UNBREAKABLE
It's the feel-indestructible movie of the year


  Wow!  Neat!

Such were my thoughts after this one was over, and I guess there are a lot of less enjoyable reactions a lesser film could have inspired.  Cruising on quickly from the unexpected mega-success of
The Sixth Sense, writer/director M. Night Shyamalan decided not to screw around with a combination of elements which paid off for him before.  One short year later, Bruce Willis is back, there's a young boy, a surprise ending, same kind of tone, same plodding-but-engaging pace...you might think that he's repeating himself, but Unbreakable proves to be different enough from the film that made Shyamalan the hot new director on the block.

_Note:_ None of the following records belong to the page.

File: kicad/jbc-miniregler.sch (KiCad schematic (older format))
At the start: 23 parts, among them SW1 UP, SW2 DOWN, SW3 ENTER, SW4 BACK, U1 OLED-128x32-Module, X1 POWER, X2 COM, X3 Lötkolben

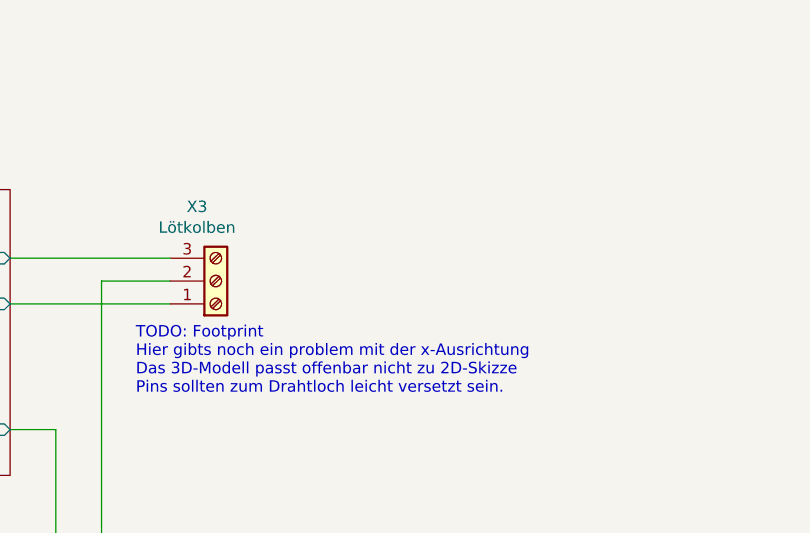
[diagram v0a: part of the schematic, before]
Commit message: Notizen, Kabelbelegung, Alternativbestückung
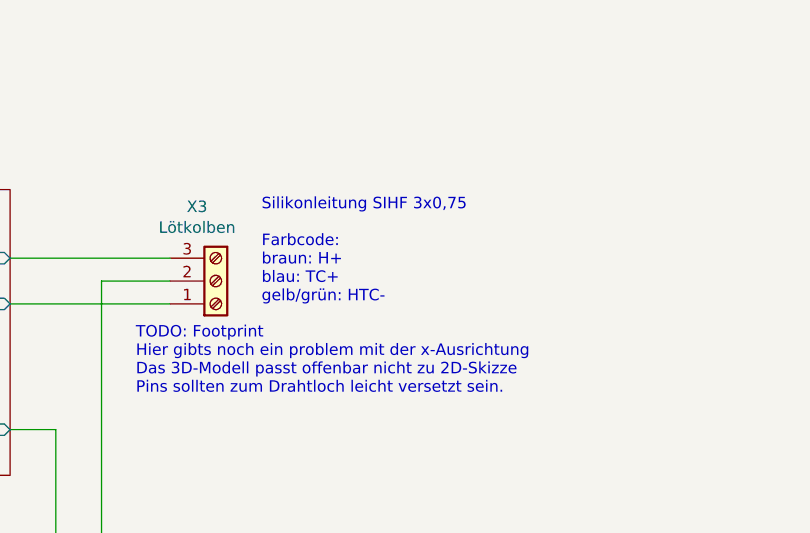
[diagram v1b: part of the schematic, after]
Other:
- note added: "Silikonleitung SIHF 3x0,75\n\nFarbcode:\nbraun: H+\nblau: TC+\ngelb/grün: HTC-"
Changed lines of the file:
@@
 	1    0    0    -1
 $EndComp
+Text Notes 8750 1950 0    50   ~ 0
+Silikonleitung SIHF 3x0,75\n\nFarbcode:\nbraun: H+\nblau: TC+\ngelb/grün: HTC-
 $EndSCHEMATC
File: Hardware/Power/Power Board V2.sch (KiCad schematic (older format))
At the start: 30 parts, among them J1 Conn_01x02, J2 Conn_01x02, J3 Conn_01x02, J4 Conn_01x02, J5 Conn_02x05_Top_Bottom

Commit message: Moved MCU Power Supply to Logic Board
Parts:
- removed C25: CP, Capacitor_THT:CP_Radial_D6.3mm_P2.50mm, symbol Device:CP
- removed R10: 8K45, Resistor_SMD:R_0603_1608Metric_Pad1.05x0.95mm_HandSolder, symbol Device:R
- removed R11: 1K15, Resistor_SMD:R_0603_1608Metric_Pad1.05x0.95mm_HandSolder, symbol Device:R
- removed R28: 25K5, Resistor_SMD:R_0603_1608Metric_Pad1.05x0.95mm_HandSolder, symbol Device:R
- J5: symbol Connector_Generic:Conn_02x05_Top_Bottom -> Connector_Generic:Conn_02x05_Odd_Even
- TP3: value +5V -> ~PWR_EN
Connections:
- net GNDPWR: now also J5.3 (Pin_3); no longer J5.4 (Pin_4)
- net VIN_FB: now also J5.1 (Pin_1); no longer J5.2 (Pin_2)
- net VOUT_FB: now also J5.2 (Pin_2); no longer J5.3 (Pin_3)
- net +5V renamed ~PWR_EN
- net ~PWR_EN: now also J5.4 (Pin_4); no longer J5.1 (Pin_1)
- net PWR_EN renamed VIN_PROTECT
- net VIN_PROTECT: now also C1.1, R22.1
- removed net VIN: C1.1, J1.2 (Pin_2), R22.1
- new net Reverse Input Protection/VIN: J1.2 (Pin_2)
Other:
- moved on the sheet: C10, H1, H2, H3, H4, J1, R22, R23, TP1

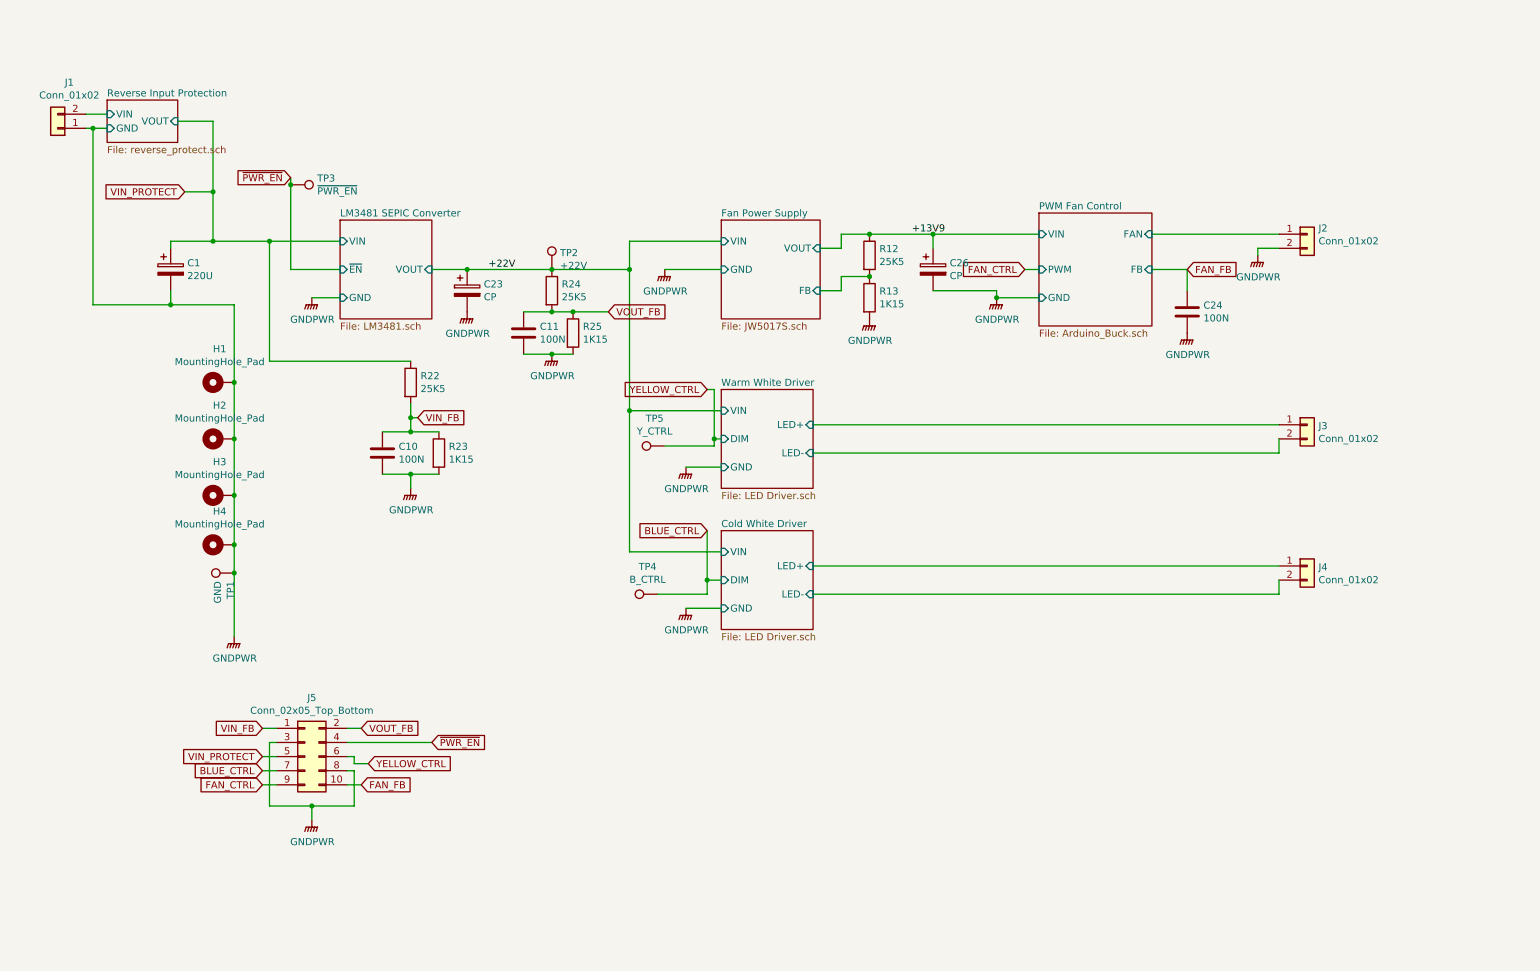
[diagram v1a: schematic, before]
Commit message: Removed Logic Board PSU from Power Board
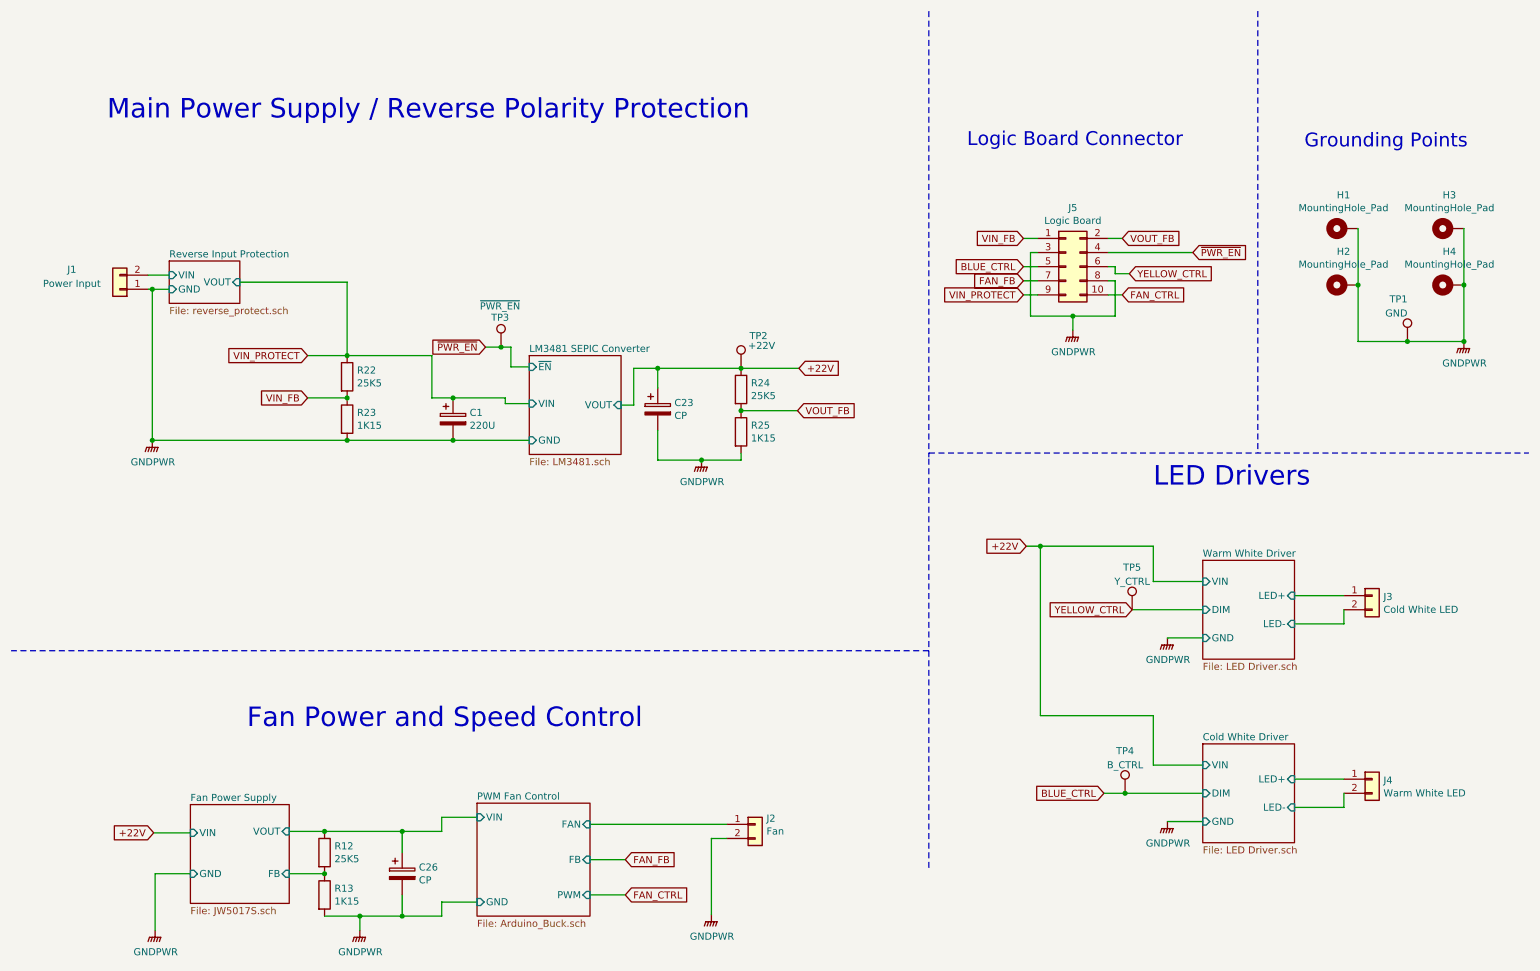
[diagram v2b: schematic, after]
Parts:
- removed C10, C11, C24: 100N, Capacitor_SMD:C_0603_1608Metric_Pad1.05x0.95mm_HandSolder, symbol Device:C
- J1: value Conn_01x02 -> Power Input
- J2: value Conn_01x02 -> Fan
- J3: value Conn_01x02 -> Cold White LED
- J4: value Conn_01x02 -> Warm White LED
- J5: value Conn_02x05_Top_Bottom -> Logic Board
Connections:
- net BLUE_CTRL: now also J5.5 (Pin_5); no longer J5.7 (Pin_7)
- net FAN_CTRL: now also J5.10 (Pin_10); no longer J5.9 (Pin_9)
- net FAN_FB: now also J5.7 (Pin_7); no longer J5.10 (Pin_10)
- net VIN_PROTECT: now also J5.9 (Pin_9); no longer J5.5 (Pin_5)
- net +13V9 renamed Fan Power Supply/VOUT
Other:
- note added: "Fan Power and Speed Control"
- note added: "Grounding Points"
- note added: "LED Drivers"
- note added: "Logic Board Connector"
- note added: "Main Power Supply / Reverse Polarity Protection"
- moved on the sheet: C1, C23, C26, H1, H2, H3, H4, J1, J2, J3, J4, J5

Shyamalan is evidently a fan of comic books, particularly those of the superhero variety.  I never really got into them; the brief period in which I did collect comic books involved movie spinoffs instead of superheroes, and the reason I stopped collecting them is amply explained by the opening words of the film which demonstrate just how much time and money the average comic book collector blows on his hobby.  Hey, everybody's gotta have a hobby, and I blow at least as much money and time on mine.  I just figured out, about a decade ago, that comic books were never going to hold my interest enough to justify the expense.  As such, I'm not the best person from whom to get any insights into superhero comic books.  Superhero comic-book movies, however, I've seen a few of.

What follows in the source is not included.